Rails Kitchen

Shakshuka with Feta and Herbs

By Chef Yael | 35 minutes | Serves 4

Shakshuka is one of those dishes that sounds exotic but is really just eggs poached in spiced tomato sauce. It is weeknight cooking at its best: one pan, 30 minutes, and you have a deeply flavorful meal. The trick is to build layers of flavor in the sauce — blooming the spices in oil, then building a base with onions and peppers, then adding the tomatoes and letting everything reduce until thick and jammy.

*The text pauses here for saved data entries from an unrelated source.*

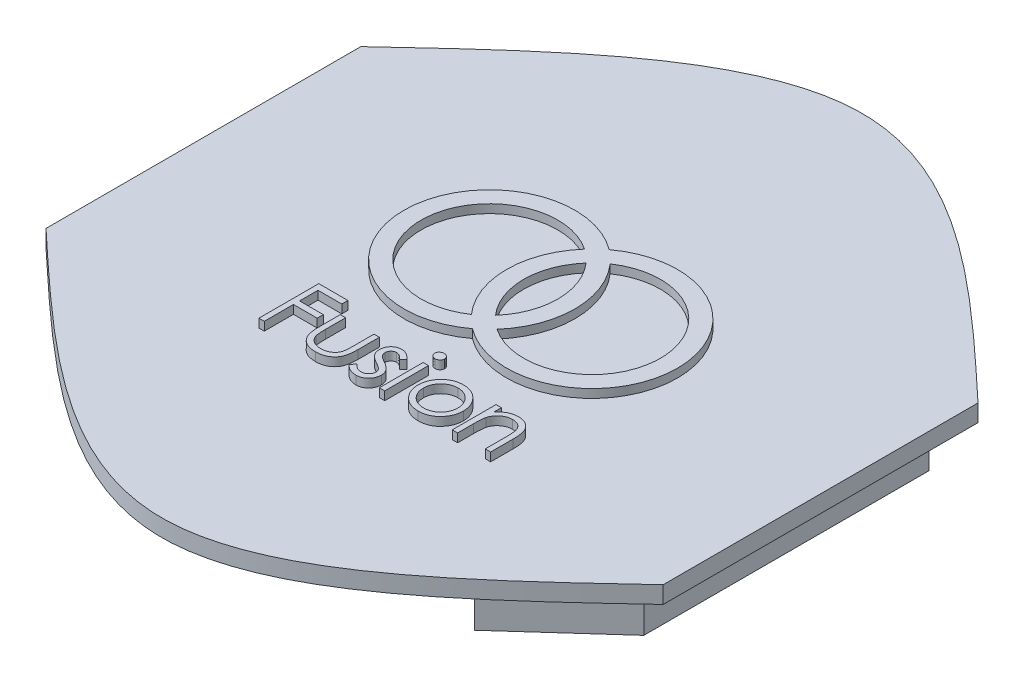
from build123d import *

# Parameters (mm, degrees)
BOSS_EXTRUDE1_DEPTH = 1
BOSS_EXTRUDE2_DEPTH = 3
BOSS_EXTRUDE3_DEPTH = 0.5
SKETCH6_W           = 0.314102564
SKETCH6_H           = 2.557692308
BOSS_EXTRUDE4_DEPTH = 0.5


with BuildPart() as part:
    # Sketch1 → Boss-Extrude1 (new body)
    with BuildSketch(Plane(origin=(0, 0, 0), x_dir=(1, 0, 0), z_dir=(0, 1, 0))):
        with BuildLine():
            Line((0, 41.863275017), (0, 60.273275017))
            add(Edge.make_bspline(
                [(-36.089994589, 60.273275017), (-30.074992276, 65.911788101), (-18.044987203, 77.188479216), (-6.014995884, 65.911788385), (0, 60.273275017)],
                knots=[0, 0, 0, 0, 0.499999981, 1, 1, 1, 1], degree=3))
            Line((-36.089994589, 60.273275017), (-36.089994589, 41.863275017))
            add(Edge.make_bspline(
                [(-36.089994589, 41.863275017), (-30.074992276, 36.224761933), (-18.044987203, 24.948070818), (-6.014995884, 36.22476165), (0, 41.863275017)],
                knots=[0, 0, 0, 0, 0.499999981, 1, 1, 1, 1], degree=3))
        make_face()
    extrude(amount=BOSS_EXTRUDE1_DEPTH)

    # Sketch3 → Boss-Extrude2 (add)
    with BuildSketch(Plane.XZ):
        Polygon((-28.881902587, -64.094380048), (-34.089994589, -59.406509446), (-34.089994589, -42.730040589), (-28.881860862, -38.042159643), (-27.59860355, -39.5761905), (-32.210609347, -43.414080875), (-32.210609347, -58.722469159), (-27.5986156, -62.560374014), align=None)
        Polygon((-7.208092002, -64.094380048), (-8.491378989, -62.560374014), (-3.879385242, -58.722469159), (-3.879385242, -43.414080875), (-8.491391038, -39.5761905), (-7.208133727, -38.042159643), (-2, -42.730040589), (-2, -59.406509446), align=None)
    extrude(amount=BOSS_EXTRUDE2_DEPTH)

    # Sketch5 → Boss-Extrude3 (add)
    with BuildSketch(Plane(origin=(0, 1, 0), x_dir=(1, 0, 0), z_dir=(0, 1, 0))):
        with BuildLine():
            ThreePointArc((-18.044997294, 56.751086287), (-26.044997294, 52.751086287), (-18.044997294, 48.751086287))
            ThreePointArc((-18.044997294, 48.751086287), (-10.044997294, 52.751086287), (-18.044997294, 56.751086287))
        make_face()
        with BuildLine():
            ThreePointArc((-18.044997294, 55.396837598), (-17.044997294, 52.751086287), (-18.044997294, 50.105334976))
            ThreePointArc((-18.044997294, 50.105334976), (-19.044997294, 52.751086287), (-18.044997294, 55.396837598))
        make_face(mode=Mode.SUBTRACT)
        with BuildLine():
            ThreePointArc((-17.294997294, 56.058275426), (-11.044997294, 52.751086287), (-17.294997294, 49.443897149))
            ThreePointArc((-17.294997294, 49.443897149), (-16.044997294, 52.751086287), (-17.294997294, 56.058275426))
        make_face(mode=Mode.SUBTRACT)
        with BuildLine():
            ThreePointArc((-18.794997294, 56.058275426), (-20.044997294, 52.751086287), (-18.794997294, 49.443897149))
            ThreePointArc((-18.794997294, 49.443897149), (-25.044997294, 52.751086287), (-18.794997294, 56.058275426))
        make_face(mode=Mode.SUBTRACT)
    extrude(amount=BOSS_EXTRUDE3_DEPTH)

    # Sketch6 → Boss-Extrude4 (add)
    # profile 1 of 7: a face of its own
    with BuildSketch(Plane(origin=(0, 1, 0), x_dir=(1, 0, 0), z_dir=(0, 1, 0))):
        Polygon((-24.817053319, 46.540134371), (-23.111925113, 46.540134371), (-23.111925113, 46.181160012), (-24.502950754, 46.181160012), (-24.502950754, 45.104236935), (-23.111925113, 45.104236935), (-23.111925113, 44.745262576), (-24.502950754, 44.745262576), (-24.502950754, 43.040134371), (-24.817053319, 43.040134371), align=None)
    # profile 2 of 7: a face of its own
    with BuildSketch(Plane(origin=(0, 1, 0), x_dir=(1, 0, 0), z_dir=(0, 1, 0))):
        with BuildLine():
            Line((-22.61833537, 45.597826679), (-22.304232806, 45.597826679))
            Line((-22.304232806, 45.597826679), (-22.304232806, 44.411528602))
            add(Edge.make_bspline(
                [(-22.304232806, 44.411528602), (-22.304090901, 44.376705853), (-22.303819443, 44.310091565), (-22.301978502, 44.214236378), (-22.297648409, 44.126819665), (-22.292234584, 44.047790928), (-22.285272448, 43.977163537), (-22.276989088, 43.91518418), (-22.267730666, 43.861149996), (-22.258667952, 43.82860664), (-22.254453158, 43.813471711)],
                knots=[0, 0, 0, 0, 1.388932606, 2.656963016, 3.823490214, 4.879454478, 5.816252168, 6.653371382, 7.373723809, 8, 8, 8, 8], degree=3))
            add(Edge.make_bspline(
                [(-22.254453158, 43.813471711), (-22.247691703, 43.79444884), (-22.234309362, 43.756798579), (-22.210035878, 43.702409574), (-22.180007542, 43.652034291), (-22.147147714, 43.603730218), (-22.109248306, 43.558928232), (-22.066788835, 43.517703988), (-22.021190598, 43.478499897), (-21.953435575, 43.432115105), (-21.860776309, 43.382399775), (-21.739123554, 43.339503956), (-21.607219328, 43.313868136), (-21.516054608, 43.310893881), (-21.469196748, 43.30936514)],
                knots=[0, 0, 0, 0, 0.725840625, 1.436591201, 2.137033971, 2.831655856, 3.53531722, 4.242432219, 4.957935707, 5.694543706, 7.190802206, 8.724350549, 10.316345118, 12, 12, 12, 12], degree=3))
            add(Edge.make_bspline(
                [(-21.469196748, 43.30936514), (-21.42234324, 43.310926389), (-21.331690372, 43.313947116), (-21.201235403, 43.338730655), (-21.081983988, 43.380136344), (-20.975133037, 43.437943755), (-20.881167197, 43.508685818), (-20.802862778, 43.591694627), (-20.738255523, 43.684344014), (-20.710046103, 43.753468293), (-20.695859408, 43.788231326)],
                knots=[0, 0, 0, 0, 1.157059328, 2.238695713, 3.266970494, 4.264342957, 5.228770407, 6.160125903, 7.074715775, 8, 8, 8, 8], degree=3))
            add(Edge.make_bspline(
                [(-20.695859408, 43.788231326), (-20.691665178, 43.802197625), (-20.68239276, 43.8330737), (-20.672430408, 43.885453449), (-20.663455947, 43.947918053), (-20.655792771, 44.020876262), (-20.650327608, 44.104137414), (-20.647381581, 44.19767549), (-20.644053306, 44.301196851), (-20.64400279, 44.37366461), (-20.643976395, 44.411528602)],
                knots=[0, 0, 0, 0, 0.557542046, 1.232589297, 2.036731608, 2.971723315, 4.038036528, 5.22795436, 6.551621927, 8, 8, 8, 8], degree=3))
            Line((-20.643976395, 44.411528602), (-20.643976395, 45.597826679))
            Line((-20.643976395, 45.597826679), (-20.329873831, 45.597826679))
            Line((-20.329873831, 45.597826679), (-20.329873831, 44.352634371))
            add(Edge.make_bspline(
                [(-20.329873831, 44.352634371), (-20.330315526, 44.3103272), (-20.331172475, 44.2282455), (-20.336679818, 44.108961388), (-20.346129431, 43.997799143), (-20.360472116, 43.894699923), (-20.37733779, 43.799742442), (-20.399094063, 43.712804996), (-20.425072301, 43.634155442), (-20.454377816, 43.562413665), (-20.488999683, 43.497366771), (-20.525826704, 43.435630954), (-20.568351476, 43.378738019), (-20.61312171, 43.323855882), (-20.662923366, 43.273714354), (-20.716823225, 43.227162878), (-20.774062645, 43.183489847), (-20.835911843, 43.144398567), (-20.901467906, 43.109181922), (-20.970811763, 43.077965844), (-21.044792761, 43.053263267), (-21.122456398, 43.031952601), (-21.204183177, 43.015238132), (-21.28989431, 43.003451565), (-21.379560927, 42.996226234), (-21.440670386, 42.995589189), (-21.472001235, 42.995262576)],
                knots=[0, 0, 0, 0, 1.493040784, 2.896703357, 4.213163133, 5.428574705, 6.569057535, 7.615249723, 8.588095153, 9.490268104, 10.346124644, 11.18633936, 12.024365274, 12.850166724, 13.684164916, 14.514361689, 15.362232829, 16.222528818, 17.093394965, 17.986930858, 18.902426812, 19.842810585, 20.827885679, 21.843828298, 22.894529745, 24, 24, 24, 24], degree=3))
            add(Edge.make_bspline(
                [(-21.472001235, 42.995262576), (-21.503097749, 42.995602283), (-21.564205294, 42.99626984), (-21.653876539, 43.003411647), (-21.739825145, 43.015219818), (-21.821745543, 43.032075035), (-21.899719941, 43.053114105), (-21.974064181, 43.078117641), (-22.043907744, 43.109198122), (-22.110089748, 43.14417568), (-22.172092136, 43.183740955), (-22.230200714, 43.227108995), (-22.284337566, 43.274215058), (-22.334514634, 43.324862415), (-22.380027611, 43.379679351), (-22.421443653, 43.438224912), (-22.459400358, 43.499919), (-22.493753148, 43.565982163), (-22.523264904, 43.638554173), (-22.54932015, 43.71885127), (-22.570630788, 43.807753787), (-22.587973256, 43.905185715), (-22.601924697, 44.010680757), (-22.611610839, 44.124849172), (-22.61702667, 44.247412864), (-22.617889731, 44.332062754), (-22.61833537, 44.37577139)],
                knots=[0, 0, 0, 0, 1.083640291, 2.129454052, 3.13281866, 4.105697902, 5.042300162, 5.946461698, 6.836384745, 7.703652036, 8.553297018, 9.397182691, 10.228592656, 11.052265423, 11.879314572, 12.708807002, 13.549817954, 14.402308542, 15.300838682, 16.27712199, 17.341985831, 18.484375296, 19.725102775, 21.0496083, 22.476576903, 24, 24, 24, 24], degree=3))
            Line((-22.61833537, 44.37577139), (-22.61833537, 45.597826679))
        make_face()
    # profile 3 of 7: a face of its own
    with BuildSketch(Plane(origin=(0, 1, 0), x_dir=(1, 0, 0), z_dir=(0, 1, 0))):
        with BuildLine():
            Line((-18.400386652, 45.278816262), (-18.613527677, 45.05936514))
            add(Edge.make_bspline(
                [(-18.613527677, 45.05936514), (-18.631918181, 45.080678287), (-18.667372907, 45.121767524), (-18.723604388, 45.17670459), (-18.779627991, 45.222841529), (-18.834676805, 45.261793788), (-18.890135074, 45.291242935), (-18.945351992, 45.312737797), (-19.000384731, 45.326039602), (-19.037170766, 45.327754041), (-19.055234408, 45.32859591)],
                knots=[0, 0, 0, 0, 1.26578478, 2.440284043, 3.530471711, 4.527705817, 5.468200915, 6.346673037, 7.188140097, 8, 8, 8, 8], degree=3))
            add(Edge.make_bspline(
                [(-19.055234408, 45.32859591), (-19.077373798, 45.327521037), (-19.120940984, 45.325405839), (-19.183366802, 45.304292408), (-19.241317427, 45.27188367), (-19.291474407, 45.225915086), (-19.333962087, 45.173150817), (-19.364975768, 45.114154493), (-19.383941752, 45.050706449), (-19.386346484, 45.006676591), (-19.387566139, 44.984345108)],
                knots=[0, 0, 0, 0, 0.99966794, 1.967205029, 2.953328237, 3.988086729, 5.028030931, 6.008226631, 6.989793394, 8, 8, 8, 8], degree=3))
            add(Edge.make_bspline(
                [(-19.387566139, 44.984345108), (-19.386455327, 44.964133064), (-19.384236834, 44.923765953), (-19.366990154, 44.864217919), (-19.339524082, 44.806160881), (-19.313853888, 44.770597975), (-19.300627036, 44.752273794)],
                knots=[0, 0, 0, 0, 0.960159726, 1.917612774, 2.927026955, 4, 4, 4, 4], degree=3))
            add(Edge.make_bspline(
                [(-19.300627036, 44.752273794), (-19.292663543, 44.74248921), (-19.27571425, 44.721663955), (-19.243905735, 44.692760102), (-19.207883232, 44.660817851), (-19.164563294, 44.628881014), (-19.115812266, 44.595249289), (-19.060572982, 44.561247156), (-19.000598477, 44.524282731), (-18.957661171, 44.500838295), (-18.935342581, 44.488651999)],
                knots=[0, 0, 0, 0, 0.66740084, 1.420478572, 2.27185888, 3.217733974, 4.268547843, 5.408967954, 6.65319498, 8, 8, 8, 8], degree=3))
            add(Edge.make_bspline(
                [(-18.935342581, 44.488651999), (-18.908129004, 44.473407096), (-18.855561334, 44.443958964), (-18.780868567, 44.398249261), (-18.713081526, 44.352817836), (-18.651625858, 44.308150562), (-18.597684049, 44.262997695), (-18.549619497, 44.219089938), (-18.508631053, 44.17510063), (-18.485677126, 44.144367516), (-18.474705562, 44.12967764)],
                knots=[0, 0, 0, 0, 1.27191281, 2.456916733, 3.569705269, 4.599008579, 5.553216877, 6.436649441, 7.252746552, 8, 8, 8, 8], degree=3))
            add(Edge.make_bspline(
                [(-18.474705562, 44.12967764), (-18.456495035, 44.100011552), (-18.420252705, 44.040970531), (-18.382194439, 43.943752104), (-18.360134164, 43.840641601), (-18.357071944, 43.770109381), (-18.355514857, 43.734244948)],
                knots=[0, 0, 0, 0, 0.995354457, 1.980940102, 2.973342415, 4, 4, 4, 4], degree=3))
            add(Edge.make_bspline(
                [(-18.355514857, 43.734244948), (-18.356234391, 43.708975802), (-18.357652311, 43.659180189), (-18.367510378, 43.585845359), (-18.384465354, 43.515710801), (-18.407559108, 43.448015517), (-18.438743481, 43.384056577), (-18.475291278, 43.322220328), (-18.51916619, 43.263844397), (-18.569257565, 43.209005437), (-18.624103059, 43.15891969), (-18.682609198, 43.114895736), (-18.744848028, 43.078321399), (-18.81037483, 43.048056053), (-18.879338484, 43.023987795), (-18.951749773, 43.007325264), (-19.027378528, 42.997352503), (-19.078808336, 42.995968027), (-19.105014056, 42.995262576)],
                knots=[0, 0, 0, 0, 1.032770009, 2.035186124, 3.017557409, 3.978232242, 4.952395191, 5.920591857, 6.910227898, 7.931268572, 8.952309245, 9.941945286, 10.918353717, 11.897095711, 12.887975737, 13.898235213, 14.929059601, 16, 16, 16, 16], degree=3))
            add(Edge.make_bspline(
                [(-19.105014056, 42.995262576), (-19.140381231, 42.996255277), (-19.210624158, 42.998226884), (-19.314513877, 43.016732945), (-19.416034636, 43.045528339), (-19.514418176, 43.085244273), (-19.60746429, 43.135394986), (-19.692595215, 43.195457379), (-19.770106677, 43.263447377), (-19.814224951, 43.315560288), (-19.836284088, 43.341616743)],
                knots=[0, 0, 0, 0, 1.013940152, 2.01379169, 3.017749504, 4.037548394, 5.051665909, 6.043208538, 7.021604269, 8, 8, 8, 8], degree=3))
            Line((-19.836284088, 43.341616743), (-19.628050915, 43.57859591))
            add(Edge.make_bspline(
                [(-19.628050915, 43.57859591), (-19.608278502, 43.557241145), (-19.569946689, 43.515841705), (-19.508645473, 43.460717364), (-19.446266072, 43.414516093), (-19.383431385, 43.375872678), (-19.319211291, 43.346097275), (-19.253965676, 43.325178681), (-19.187827252, 43.311734489), (-19.143405117, 43.310156207), (-19.121139857, 43.30936514)],
                knots=[0, 0, 0, 0, 1.179806542, 2.287233372, 3.337373186, 4.324005949, 5.273901747, 6.200048787, 7.097828587, 8, 8, 8, 8], degree=3))
            add(Edge.make_bspline(
                [(-19.121139857, 43.30936514), (-19.090821931, 43.310735965), (-19.031585789, 43.313414327), (-18.946742031, 43.337731419), (-18.868403404, 43.375861371), (-18.800380059, 43.429946069), (-18.742477898, 43.492901642), (-18.700549723, 43.563815761), (-18.674273548, 43.640607218), (-18.671187549, 43.69383952), (-18.669617421, 43.720923634)],
                knots=[0, 0, 0, 0, 1.072336372, 2.095165389, 3.102688358, 4.141489647, 5.156069229, 6.117746104, 7.042326257, 8, 8, 8, 8], degree=3))
            add(Edge.make_bspline(
                [(-18.669617421, 43.720923634), (-18.670703715, 43.743233253), (-18.672848458, 43.787280608), (-18.68969173, 43.851030949), (-18.716304582, 43.91150023), (-18.742509231, 43.946889877), (-18.755855402, 43.964914019)],
                knots=[0, 0, 0, 0, 1.013901739, 2.00181326, 2.98231254, 4, 4, 4, 4], degree=3))
            add(Edge.make_bspline(
                [(-18.755855402, 43.964914019), (-18.763877796, 43.973949381), (-18.781353469, 43.993631663), (-18.81340871, 44.022056742), (-18.851790572, 44.052694841), (-18.896930735, 44.08502643), (-18.948920197, 44.118625035), (-19.007969672, 44.153314387), (-19.073270225, 44.190742113), (-19.119440856, 44.215561768), (-19.143575754, 44.228535813)],
                knots=[0, 0, 0, 0, 0.615000592, 1.339693406, 2.178160186, 3.116406724, 4.166410947, 5.330106347, 6.604359322, 8, 8, 8, 8], degree=3))
            add(Edge.make_bspline(
                [(-19.143575754, 44.228535813), (-19.169622394, 44.243074945), (-19.220135142, 44.271270961), (-19.291682433, 44.315187042), (-19.356229787, 44.359854316), (-19.415330362, 44.402767156), (-19.467491367, 44.446188099), (-19.512507316, 44.490165351), (-19.552150531, 44.532925337), (-19.574097943, 44.563222634), (-19.584581363, 44.577694467)],
                knots=[0, 0, 0, 0, 1.262093308, 2.447601706, 3.550203992, 4.582594899, 5.537233252, 6.418365656, 7.244515135, 8, 8, 8, 8], degree=3))
            add(Edge.make_bspline(
                [(-19.584581363, 44.577694467), (-19.602711963, 44.606840082), (-19.638979498, 44.665141498), (-19.674194689, 44.762451974), (-19.698400718, 44.864897032), (-19.700563108, 44.935583886), (-19.701668703, 44.971724916)],
                knots=[0, 0, 0, 0, 0.985009483, 1.970363186, 2.962279964, 4, 4, 4, 4], degree=3))
            add(Edge.make_bspline(
                [(-19.701668703, 44.971724916), (-19.701134508, 44.995350314), (-19.700089012, 45.041588565), (-19.69174496, 45.109527385), (-19.676553249, 45.174075539), (-19.657498326, 45.236202402), (-19.631015322, 45.294704496), (-19.599369417, 45.350361967), (-19.562181992, 45.403097885), (-19.519338701, 45.452101017), (-19.472232056, 45.496610343), (-19.421337286, 45.535408971), (-19.36779903, 45.568515326), (-19.31139061, 45.596280487), (-19.251570137, 45.617281869), (-19.188755751, 45.631739255), (-19.123074596, 45.641394457), (-19.07817347, 45.642257542), (-19.055234408, 45.642698474)],
                knots=[0, 0, 0, 0, 1.087655834, 2.128696564, 3.144119009, 4.137814668, 5.115653402, 6.093965665, 7.082169637, 8.081268856, 9.086088321, 10.061021666, 11.022561449, 11.980240094, 12.950172527, 13.934149372, 14.944599409, 16, 16, 16, 16], degree=3))
            add(Edge.make_bspline(
                [(-19.055234408, 45.642698474), (-19.028042345, 45.641594133), (-18.973148123, 45.639364735), (-18.890793497, 45.621659045), (-18.808560155, 45.592525941), (-18.726236805, 45.552289707), (-18.644426515, 45.500222831), (-18.562409659, 45.437293532), (-18.479201629, 45.363915817), (-18.427245315, 45.307816592), (-18.400386652, 45.278816262)],
                knots=[0, 0, 0, 0, 0.845714091, 1.707292901, 2.609013841, 3.555613372, 4.552488639, 5.621697636, 6.770543573, 8, 8, 8, 8], degree=3))
        make_face()
    # profile 4 of 7: a face of its own
    with BuildSketch(Plane(origin=(0, 1, 0), x_dir=(1, 0, 0), z_dir=(0, 1, 0))):
        with BuildLine():
            add(Edge.make_bspline(
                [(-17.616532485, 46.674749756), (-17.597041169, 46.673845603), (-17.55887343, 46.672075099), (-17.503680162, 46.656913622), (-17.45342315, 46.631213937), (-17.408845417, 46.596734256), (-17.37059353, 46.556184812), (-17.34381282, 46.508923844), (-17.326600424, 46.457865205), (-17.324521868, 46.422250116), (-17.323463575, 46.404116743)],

The eggs should be gently nestled into wells in the sauce and cooked covered until the whites are set but the yolks are still runny. This takes about 7-8 minutes over medium-low heat. Resist the urge to cook them longer. A runny yolk that breaks into the spiced sauce when you dig in with bread is the whole point of this dish.

Ingredients

  • 2 tablespoons olive oil
  • 1 large onion, diced
  • 1 red bell pepper, diced
  • 4 cloves garlic, thinly sliced
  • 1 teaspoon cumin
  • 1 teaspoon smoked paprika
  • 1/2 teaspoon chili flakes (or 1 fresh chili, sliced)
  • 800g canned whole tomatoes (San Marzano if possible), crushed by hand
  • 1 teaspoon sugar
  • Salt and black pepper
  • 6 large eggs
  • 100g feta cheese, crumbled
  • Fresh cilantro and flat-leaf parsley, chopped
  • Crusty bread for serving (sourdough or challah)

Method

  1. Heat olive oil in a large, deep skillet over medium heat. Add the onion and bell pepper with a pinch of salt. Cook for 8-10 minutes until softened and starting to caramelize.
  2. Add the garlic and cook for 1 minute. Add the cumin, smoked paprika, and chili flakes. Stir and cook for 30 seconds — blooming the spices releases their essential oils.
  3. Pour in the crushed tomatoes, sugar, and a generous pinch of salt. Simmer uncovered for 12-15 minutes until the sauce has thickened and reduced by about a third.
  4. Use the back of a spoon to make 6 wells in the sauce. Crack an egg into each well. Season the eggs with salt and pepper. Scatter the crumbled feta between the eggs.
  5. Cover the skillet and cook over medium-low heat for 7-8 minutes. Check at 7 minutes — whites should be set but yolks should still jiggle.
  6. Remove from heat. Scatter generously with chopped cilantro and parsley. Drizzle with olive oil. Serve immediately in the skillet with crusty bread.